Ein komplexes Thema mit klaren Prinzipien
Der Begriff des Baugrundrisikos wird in der Baurechtspraxis häufig diskutiert und mit Mythen umrankt. Das Oberlandesgericht (OLG) München hat in seinem Urteil vom 10.12.2013 (AZ: 28 U 73211 Bau) prägnant dargelegt, welche rechtlichen und tatsächlichen Aspekte bei Baugrundproblemen zu berücksichtigen sind. Unser Fachanwalt für Bau- und Architektenrecht Stefan Didt hat sich in einem abante live zum Baurecht mit dem Urteil befasst und die zentralen Punkte der Entscheidung sowie deren Bedeutung für Auftraggeber und Auftragnehmer beleuchtet.
Hier gelangen Sie zum Video der Besprechung der Entscheidung:
Ein Brunnenbau mit Hindernissen
Der Fall drehte sich um einen Bauauftrag zur Errichtung eines Trinkwasserbrunnens in Bayern. Vorgesehen war eine Trockenbohrung auf eine Tiefe von 75 Metern. Während der Arbeiten kam es zu Schwierigkeiten: Die eingesetzten Hilfsrohre konnten nicht wie geplant entfernt werden. Der Versuch, diese gewaltsam zu lösen, führte zum Bruch der Anlage und zur Unbrauchbarkeit des Brunnens. Der Auftraggeber kündigte daraufhin den Vertrag, beauftragte ein anderes Unternehmen mit der Fertigstellung und machte die Mehrkosten geltend.
Die zentrale Frage des Rechtsstreits lautete: Wer trägt das Risiko für den ungeeigneten Baugrund? Ist der Auftragnehmer für die Schäden und die daraus resultierenden Störungen im Bauablauf verantwortlich, oder liegt das Risiko beim Auftraggeber?
Klärung durch das OLG München
Das Landgericht München hatte ursprünglich dem Auftraggeber Recht gegeben und den Auftragnehmer zur Zahlung verurteilt. Das OLG München kam in der Berufung jedoch zu einem anderen Ergebnis:
1. Grundsatz des Baugrundrisikos: Das Gericht stellte klar, dass das Baugrundrisiko nicht automatisch dem Auftraggeber zugewiesen wird. Stattdessen ist entscheidend, was vertraglich vereinbart wurde und ob der Auftragnehmer bestimmte Risiken übernommen hat.
2. Individuelle Vertragsgestaltung: Baugrundrisiken können im Rahmen eines Bauvertrags ausdrücklich auf den Auftragnehmer übertragen werden, sofern der Auftraggeber seiner Untersuchungspflicht nachkommt und die relevanten Informationen über den Baugrund transparent macht.
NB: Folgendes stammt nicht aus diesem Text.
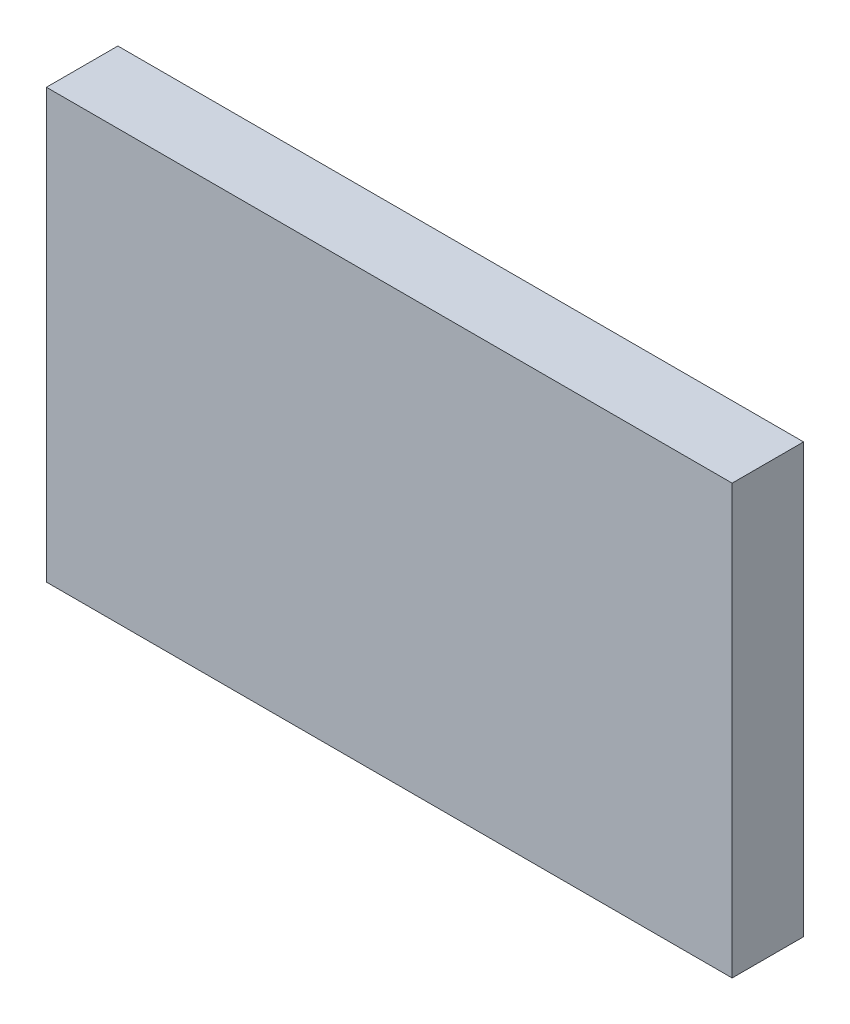
from build123d import *

# Parameters (mm, degrees)
SKETCH1_W           = 48
SKETCH1_H           = 30
BOSS_EXTRUDE1_DEPTH = 5


with BuildPart() as part:
    # Sketch1 → Boss-Extrude1 (new body)
    with BuildSketch(Plane.XY):
        Rectangle(SKETCH1_W, SKETCH1_H)
    extrude(amount=BOSS_EXTRUDE1_DEPTH)


solid = part.part
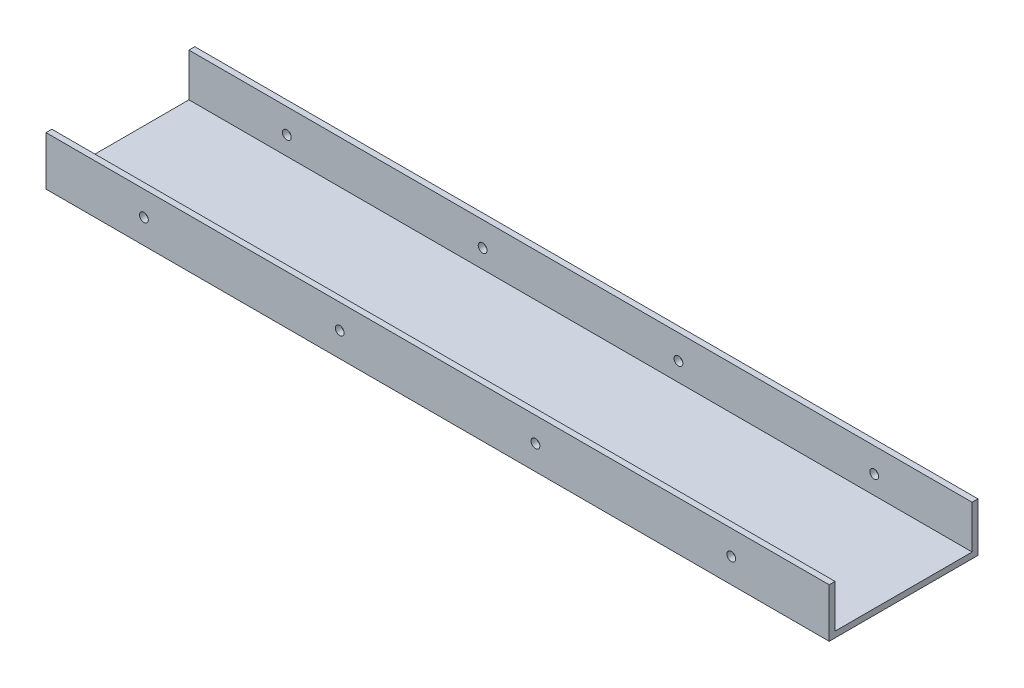
from build123d import *

# Parameters (mm, degrees)
ESBO_O1_W                = 400
ESBO_O1_H                = 76
RESSALTO_EXTRUS_O1_DEPTH = 3
ESBO_O2_W                = 400
ESBO_O2_H                = 3
RESSALTO_EXTRUS_O2_DEPTH = 22
FURO_COM_FOLGA_DE_M41_D  = 4.5


with BuildPart() as part:
    # Esboço1 → Ressalto-extrusão1 (new body)
    with BuildSketch(Plane(origin=(0, 0, 0), x_dir=(1, 0, 0), z_dir=(0, 1, 0))):
        Rectangle(ESBO_O1_W, ESBO_O1_H)
    extrude(amount=RESSALTO_EXTRUS_O1_DEPTH)

    # Esboço2 → Ressalto-extrusão2 (add)
    with BuildSketch(Plane(origin=(0, 3, 0), x_dir=(1, 0, 0), z_dir=(0, 1, 0))):
        with Locations((0, 36.5)):
            Rectangle(ESBO_O2_W, ESBO_O2_H)
        with Locations((0, -36.5)):
            Rectangle(ESBO_O2_W, ESBO_O2_H)
    extrude(amount=RESSALTO_EXTRUS_O2_DEPTH)

    # Furo com folga de M41 (through all)
    with Locations(Plane(origin=(-150, 12.5, 38), x_dir=(1, 0, 0), z_dir=(0, 0, 1))):
        with Locations((0, 0), (300, 0), (100, 0), (200, 0)):
            Hole(FURO_COM_FOLGA_DE_M41_D / 2)


solid = part.part

3. AGB-Klausel unwirksam: Im vorliegenden Fall enthielt der Vertrag eine Klausel, die den Auftragnehmer verpflichtete, Bohrungen bei schwierigen Untergrundverhältnissen auf eigenes Risiko durchzuführen. Nach Auffassung des Gerichts ist diese Klausel jedoch unangemessen benachteiligend und damit unwirksam.
4. Kausalität der Pflichtverletzung: Das Gericht betonte außerdem, dass die Pflichtverletzung des Auftragnehmers (abweichende technische Ausführung) nicht kausal für den entstandenen Schaden war. Vielmehr war der ungeeignete Baugrund die Ursache, und dieses Risiko war nicht wirksam auf den Auftragnehmer übertragen worden.
Praktische Konsequenzen für die Vertragsgestaltung
Das Urteil unterstreicht die Bedeutung einer sorgfältigen Vertragsgestaltung und klaren Regelung von Baugrundrisiken. Auftraggeber sollten darauf achten, mögliche Risiken durch gründliche Baugrunduntersuchungen zu identifizieren und transparent zu kommunizieren. Auftragnehmer wiederum sollten darauf achten, ob und in welchem Umfang Baugrundrisiken vertraglich auf sie übertragen werden und diese bei der Angebotskalkulation berücksichtigen.
Fazit: Baugrundrisiko bleibt ein Einzelfallthema
Das OLG München hat deutlich gemacht, dass es kein allgemeines Baugrundrisiko gibt, das automatisch auf den Auftraggeber fällt. Entscheidend sind die vertraglichen Vereinbarungen sowie die konkreten Umstände des Einzelfalls. Dieses Urteil bietet wertvolle Orientierung für alle Beteiligten im Bauwesen und zeigt, wie wichtig eine fundierte rechtliche Prüfung bei Bauprojekten ist.